# Return/complain? Humidor 5-vegas



## shotokun16 (Jul 5, 2010)

So i just got my *5 Vegas 100ct Century humidor *( cant post links yet..Google 5 vegas 100ct century humidor and it looks like a mix Spanish/Czech/Filipino graphic design) from cigarbid and this is my first high-end (for a pooboy) humidor. I realize the product was assembled by qualityimports.com so its CHINA made! and the things i noticed...

1) Hinge(s) are flimsy and there is a lot of play
2) Very annoying creak noise while opening/closing
3) Under the top cover one of the cedar panels are kinda loose if i flick it hard enough it might actually come apart.
4) $1=ehh i give it a C "slippy" (earlier i had a post about my Capri Glass top 25-50 ct and the seal resistance was a lot better than their acclaimed:_"SureSeal Technology insures optimum humidity control")
_
So i was wondering since this is my second humidor which is MSRP $175 and i got it for $61 (w/shipping) should i return it?

Miscellaneous Complaint: There is a stain inside the humidor like a white paint or chemical residue below the humidifier platform and its difficult to explain. I tried wipping it down with a cloth and distilled water but it wouldn't come out.

Outside: beautiful finish and polished to the touch. But AGAIN i find the same paint/chemical residue outside humidor and it seems to be trapped under the polish/wax finish.

I wish i can post pictures but im not at the 30 post mark.

This is my first time buying something from cigarbid and im within the 10-day window return policy should i do it? what are my chances? i never posted a customer complaint before--should i?

Erwin

PS: i was thinking to season it but it would be a waste of time if the hinges are loose and the "Tight Seal Technology" doesnt meet expectations and the top cedar panel looks poorly constructed.

One of the humidifier's magnet plate came off and the adhesive insert is horrible. (not going to use it since i have 1/2lb of heartfelt 65% beads on the way).


----------



## BigKev77 (Feb 16, 2008)

If you are not happy see if you can return it. If I wasn't totally happy with it it would bother me for as long as I had it.


----------



## CheapHumidors (Aug 30, 2007)

I'm not sure of the return policies at CBID but if their company policies are like ours then notify their customer service of your complaints and they should exchange or refund it for you at no cost if it's within their return policies.

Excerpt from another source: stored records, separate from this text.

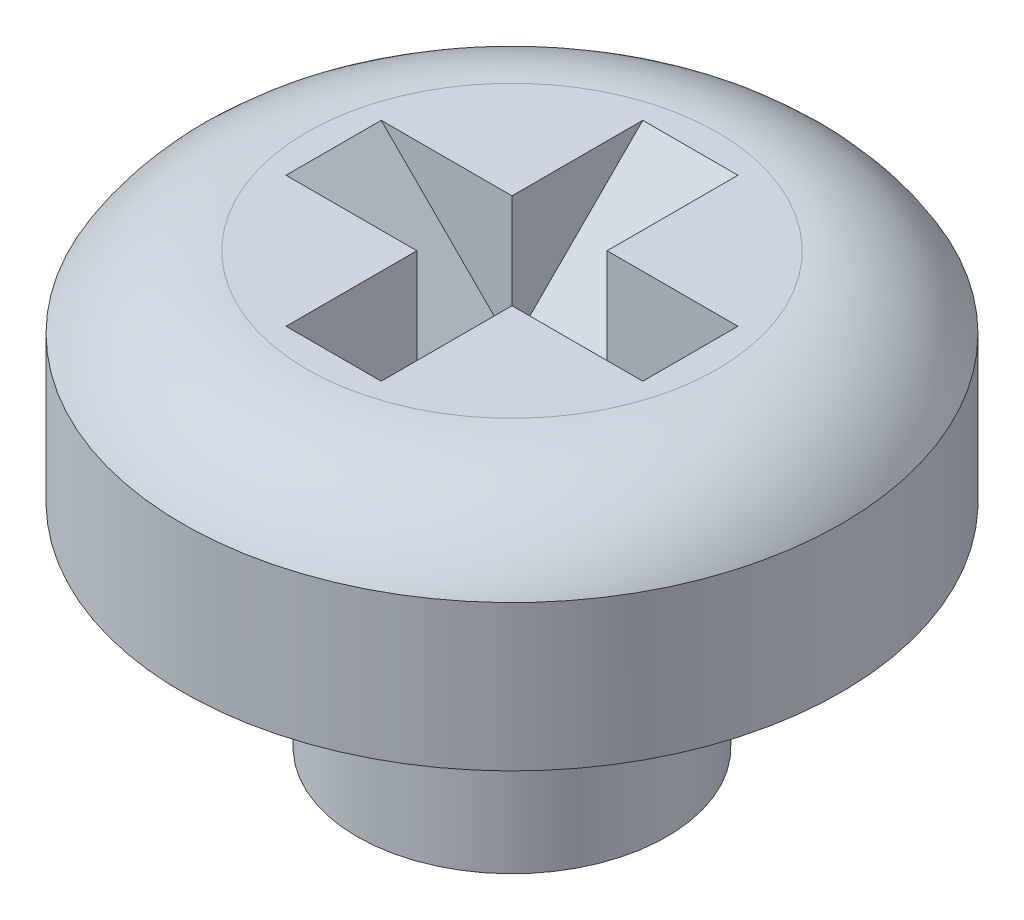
ISO-10303-21;
HEADER;
FILE_DESCRIPTION(('STEP AP214'),'2;1');
FILE_NAME('part.step','',(''),(''),'','','');
FILE_SCHEMA(('AUTOMOTIVE_DESIGN { 1 0 10303 214 1 1 1 1 }'));
ENDSEC;
DATA;
#1=APPLICATION_CONTEXT('core data for automotive mechanical design processes');
#2=APPLICATION_PROTOCOL_DEFINITION('international standard','automotive_design',2000,#1);
#3=PRODUCT_CONTEXT('',#1,'mechanical');
#4=PRODUCT('Part','Part','',(#3));
#5=PRODUCT_RELATED_PRODUCT_CATEGORY('part','',(#4));
#6=PRODUCT_DEFINITION_FORMATION('','',#4);
#7=PRODUCT_DEFINITION_CONTEXT('part definition',#1,'design');
#8=PRODUCT_DEFINITION('design','',#6,#7);
#9=PRODUCT_DEFINITION_SHAPE('','',#8);
#10=(LENGTH_UNIT() NAMED_UNIT(*) SI_UNIT(.MILLI.,.METRE.));
#11=(NAMED_UNIT(*) PLANE_ANGLE_UNIT() SI_UNIT($,.RADIAN.));
#12=(NAMED_UNIT(*) SI_UNIT($,.STERADIAN.) SOLID_ANGLE_UNIT());
#13=UNCERTAINTY_MEASURE_WITH_UNIT(LENGTH_MEASURE(1.E-05),#10,'distance_accuracy_value','');
#14=(GEOMETRIC_REPRESENTATION_CONTEXT(3) GLOBAL_UNCERTAINTY_ASSIGNED_CONTEXT((#13)) GLOBAL_UNIT_ASSIGNED_CONTEXT((#10,
#11,#12)) REPRESENTATION_CONTEXT('',''));
#15=CARTESIAN_POINT('',(0.,0.,0.));
#16=DIRECTION('',(0.,0.,1.));
#17=DIRECTION('',(1.,0.,0.));
#18=AXIS2_PLACEMENT_3D('',#15,#16,#17);
#19=CARTESIAN_POINT('',(0.695421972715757,148.957072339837,-2.77018749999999));
#20=DIRECTION('',(0.,0.707106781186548,0.70710678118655));
#21=DIRECTION('',(0.,-0.707106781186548,0.707106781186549));
#22=AXIS2_PLACEMENT_3D('',#19,#20,#21);
#23=PLANE('',#22);
#24=DIRECTION('',(1.00000000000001,0.,0.));
#25=VECTOR('',#24,1.);
#26=CARTESIAN_POINT('',(0.695421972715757,148.957072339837,-2.77018749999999));
#27=LINE('',#26,#25);
#28=CARTESIAN_POINT('',(1.43413863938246,148.957072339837,-2.77018750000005));
#29=VERTEX_POINT('',#28);
#30=CARTESIAN_POINT('',(-0.0432946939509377,148.957072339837,-2.77018749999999));
#31=VERTEX_POINT('',#30);
#32=EDGE_CURVE('E269',#29,#31,#27,.F.);
#33=ORIENTED_EDGE('',*,*,#32,.T.);
#34=DIRECTION('',(0.,0.707106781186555,-0.707106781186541));
#35=VECTOR('',#34,1.);
#36=CARTESIAN_POINT('',(-0.043294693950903,146.925601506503,-0.738716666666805));
#37=LINE('',#36,#35);
#38=CARTESIAN_POINT('',(-0.0432946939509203,146.925601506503,-0.738716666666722));
#39=VERTEX_POINT('',#38);
#40=EDGE_CURVE('E140',#39,#31,#37,.T.);
#41=ORIENTED_EDGE('',*,*,#40,.F.);
#42=DIRECTION('',(0.577350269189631,-0.577350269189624,0.577350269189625));
#43=VECTOR('',#42,1.);
#44=CARTESIAN_POINT('',(0.695421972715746,146.186884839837,0.));
#45=LINE('',#44,#43);
#46=CARTESIAN_POINT('',(0.695421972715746,146.186884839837,0.));
#47=VERTEX_POINT('',#46);
#48=EDGE_CURVE('E43',#39,#47,#45,.T.);
#49=ORIENTED_EDGE('',*,*,#48,.T.);
#50=DIRECTION('',(-0.577350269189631,-0.577350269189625,0.577350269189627));
#51=VECTOR('',#50,1.);
#52=CARTESIAN_POINT('',(2.54221363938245,148.033676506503,-1.8467916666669));
#53=LINE('',#52,#51);
#54=CARTESIAN_POINT('',(1.43413863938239,146.925601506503,-0.738716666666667));
#55=VERTEX_POINT('',#54);
#56=EDGE_CURVE('E11',#55,#47,#53,.T.);
#57=ORIENTED_EDGE('',*,*,#56,.F.);
#58=DIRECTION('',(0.,-0.707106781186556,0.707106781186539));
#59=VECTOR('',#58,1.);
#60=CARTESIAN_POINT('',(1.43413863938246,148.957072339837,-2.77018750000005));
#61=LINE('',#60,#59);
#62=EDGE_CURVE('E131',#29,#55,#61,.T.);
#63=ORIENTED_EDGE('',*,*,#62,.F.);
#64=EDGE_LOOP('',(#33,#41,#49,#57,#63));
#65=FACE_BOUND('',#64,.T.);
#66=ADVANCED_FACE('F34',(#65),#23,.T.);
#67=CARTESIAN_POINT('',(3.46560947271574,148.957072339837,0.));
#68=DIRECTION('',(-0.707106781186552,0.707106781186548,0.));
#69=DIRECTION('',(-0.707106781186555,-0.707106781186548,0.));
#70=AXIS2_PLACEMENT_3D('',#67,#68,#69);
#71=PLANE('',#70);
#72=DIRECTION('',(0.,0.,1.));
#73=VECTOR('',#72,1.);
#74=CARTESIAN_POINT('',(3.46560947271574,148.957072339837,0.));
#75=LINE('',#74,#73);
#76=CARTESIAN_POINT('',(3.46560947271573,148.957072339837,0.738716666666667));
#77=VERTEX_POINT('',#76);
#78=CARTESIAN_POINT('',(3.46560947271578,148.957072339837,-0.738716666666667));
#79=VERTEX_POINT('',#78);
#80=EDGE_CURVE('E146',#77,#79,#75,.F.);
#81=ORIENTED_EDGE('',*,*,#80,.T.);
#82=DIRECTION('',(0.707106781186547,0.707106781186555,0.));
#83=VECTOR('',#82,1.);
#84=CARTESIAN_POINT('',(1.43413863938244,146.925601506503,-0.738716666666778));
#85=LINE('',#84,#83);
#86=EDGE_CURVE('E143',#55,#79,#85,.T.);
#87=ORIENTED_EDGE('',*,*,#86,.F.);
#88=ORIENTED_EDGE('',*,*,#56,.T.);
#89=DIRECTION('',(-0.577350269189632,-0.577350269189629,-0.577350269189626));
#90=VECTOR('',#89,1.);
#91=CARTESIAN_POINT('',(2.54221363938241,148.033676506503,1.8467916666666));
#92=LINE('',#91,#90);
#93=CARTESIAN_POINT('',(1.4341386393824,146.925601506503,0.738716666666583));
#94=VERTEX_POINT('',#93);
#95=EDGE_CURVE('E250',#94,#47,#92,.T.);
#96=ORIENTED_EDGE('',*,*,#95,.F.);
#97=DIRECTION('',(-0.707106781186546,-0.707106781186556,0.));
#98=VECTOR('',#97,1.);
#99=CARTESIAN_POINT('',(3.46560947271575,148.957072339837,0.738716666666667));
#100=LINE('',#99,#98);
#101=EDGE_CURVE('E149',#77,#94,#100,.T.);
#102=ORIENTED_EDGE('',*,*,#101,.F.);
#103=EDGE_LOOP('',(#81,#87,#88,#96,#102));
#104=FACE_BOUND('',#103,.T.);
#105=ADVANCED_FACE('F144',(#104),#71,.T.);
#106=CARTESIAN_POINT('',(0.695421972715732,146.186884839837,0.));
#107=DIRECTION('',(0.,0.707106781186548,-0.707106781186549));
#108=DIRECTION('',(0.,0.707106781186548,0.707106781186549));
#109=AXIS2_PLACEMENT_3D('',#106,#107,#108);
#110=PLANE('',#109);
#111=DIRECTION('',(1.00000000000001,0.,0.));
#112=VECTOR('',#111,1.);
#113=CARTESIAN_POINT('',(0.695421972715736,148.957072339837,2.77018749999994));
#114=LINE('',#113,#112);
#115=CARTESIAN_POINT('',(-0.0432946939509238,148.957072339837,2.77018749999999));
#116=VERTEX_POINT('',#115);
#117=CARTESIAN_POINT('',(1.43413863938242,148.957072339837,2.77018749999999));
#118=VERTEX_POINT('',#117);
#119=EDGE_CURVE('E278',#116,#118,#114,.T.);
#120=ORIENTED_EDGE('',*,*,#119,.T.);
#121=DIRECTION('',(0.,0.707106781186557,0.707106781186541));
#122=VECTOR('',#121,1.);
#123=CARTESIAN_POINT('',(1.43413863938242,146.925601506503,0.738716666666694));
#124=LINE('',#123,#122);
#125=EDGE_CURVE('E158',#94,#118,#124,.T.);
#126=ORIENTED_EDGE('',*,*,#125,.F.);
#127=ORIENTED_EDGE('',*,*,#95,.T.);
#128=DIRECTION('',(0.57735026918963,-0.577350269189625,-0.577350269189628));
#129=VECTOR('',#128,1.);
#130=CARTESIAN_POINT('',(0.695421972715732,146.186884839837,0.));
#131=LINE('',#130,#129);
#132=CARTESIAN_POINT('',(-0.0432946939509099,146.925601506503,0.738716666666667));
#133=VERTEX_POINT('',#132);
#134=EDGE_CURVE('E123',#133,#47,#131,.T.);
#135=ORIENTED_EDGE('',*,*,#134,.F.);
#136=DIRECTION('',(0.,-0.707106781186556,-0.707106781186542));
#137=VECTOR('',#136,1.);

Again, it's up to their policies but I'm not _quite _ sure if what you've listed will be something they consider a defect in workmanship enough to refund it after their return period (30 days with us, dunno it with them) so be sure you get your complaints in quickly.

Stuff happens, and sometimes poor quality merchandise is sold and shipped. Give them the chance to make it right IMHO and you might be happier with the outcome. I'm sure they'd prefer that to you having a bad taste in your mouth and not buying from them again (or worse, telling your friends not to buy from them).

Again, I know _nothing_ about cbid or their policies etc. I'm just saying how I know I'd feel if you bought it from me. Bad experiences rarely lead to repeat customers (or referrals) even if they don't complain so we're motivated to make it right as best we can.


----------



## BigKev77 (Feb 16, 2008)

10) Returns Policy
Where applicable, every product we sell is backed by a returns policy. If you have questions about particular products, please contact [email protected] before bidding on merchandise. Most, but not all, products are covered by the following returns policy.

Within 10 days of shipment, CigarBid.com offers return privileges and refunds for shortages, missing, damaged or defective items only. All other sales are final. Should a return be necessary, please note the following:

1. You must have an assigned Return Merchandise Authorization (RMA) number before the merchandise can be returned. No unauthorized returns will be accepted.
2. All returns must be in original condition, complete with any accessories and in original unopened packaging.
3. CigarBid.com will refund your credit card after the product has been received, inspected and tested. If the product is not found to be defective upon inspection, we will charge a 15% restocking fee, plus shipping costs.
4. CigarBid.com may elect, at its discretion, to replace defective merchandise in lieu of a refund.
5. CigarBid.com cannot supply return freight instructions for merchandise shipped to a foreign APO/FPO address. While we will issue an RMA number, all return freight charges are the responsibility of the buyer.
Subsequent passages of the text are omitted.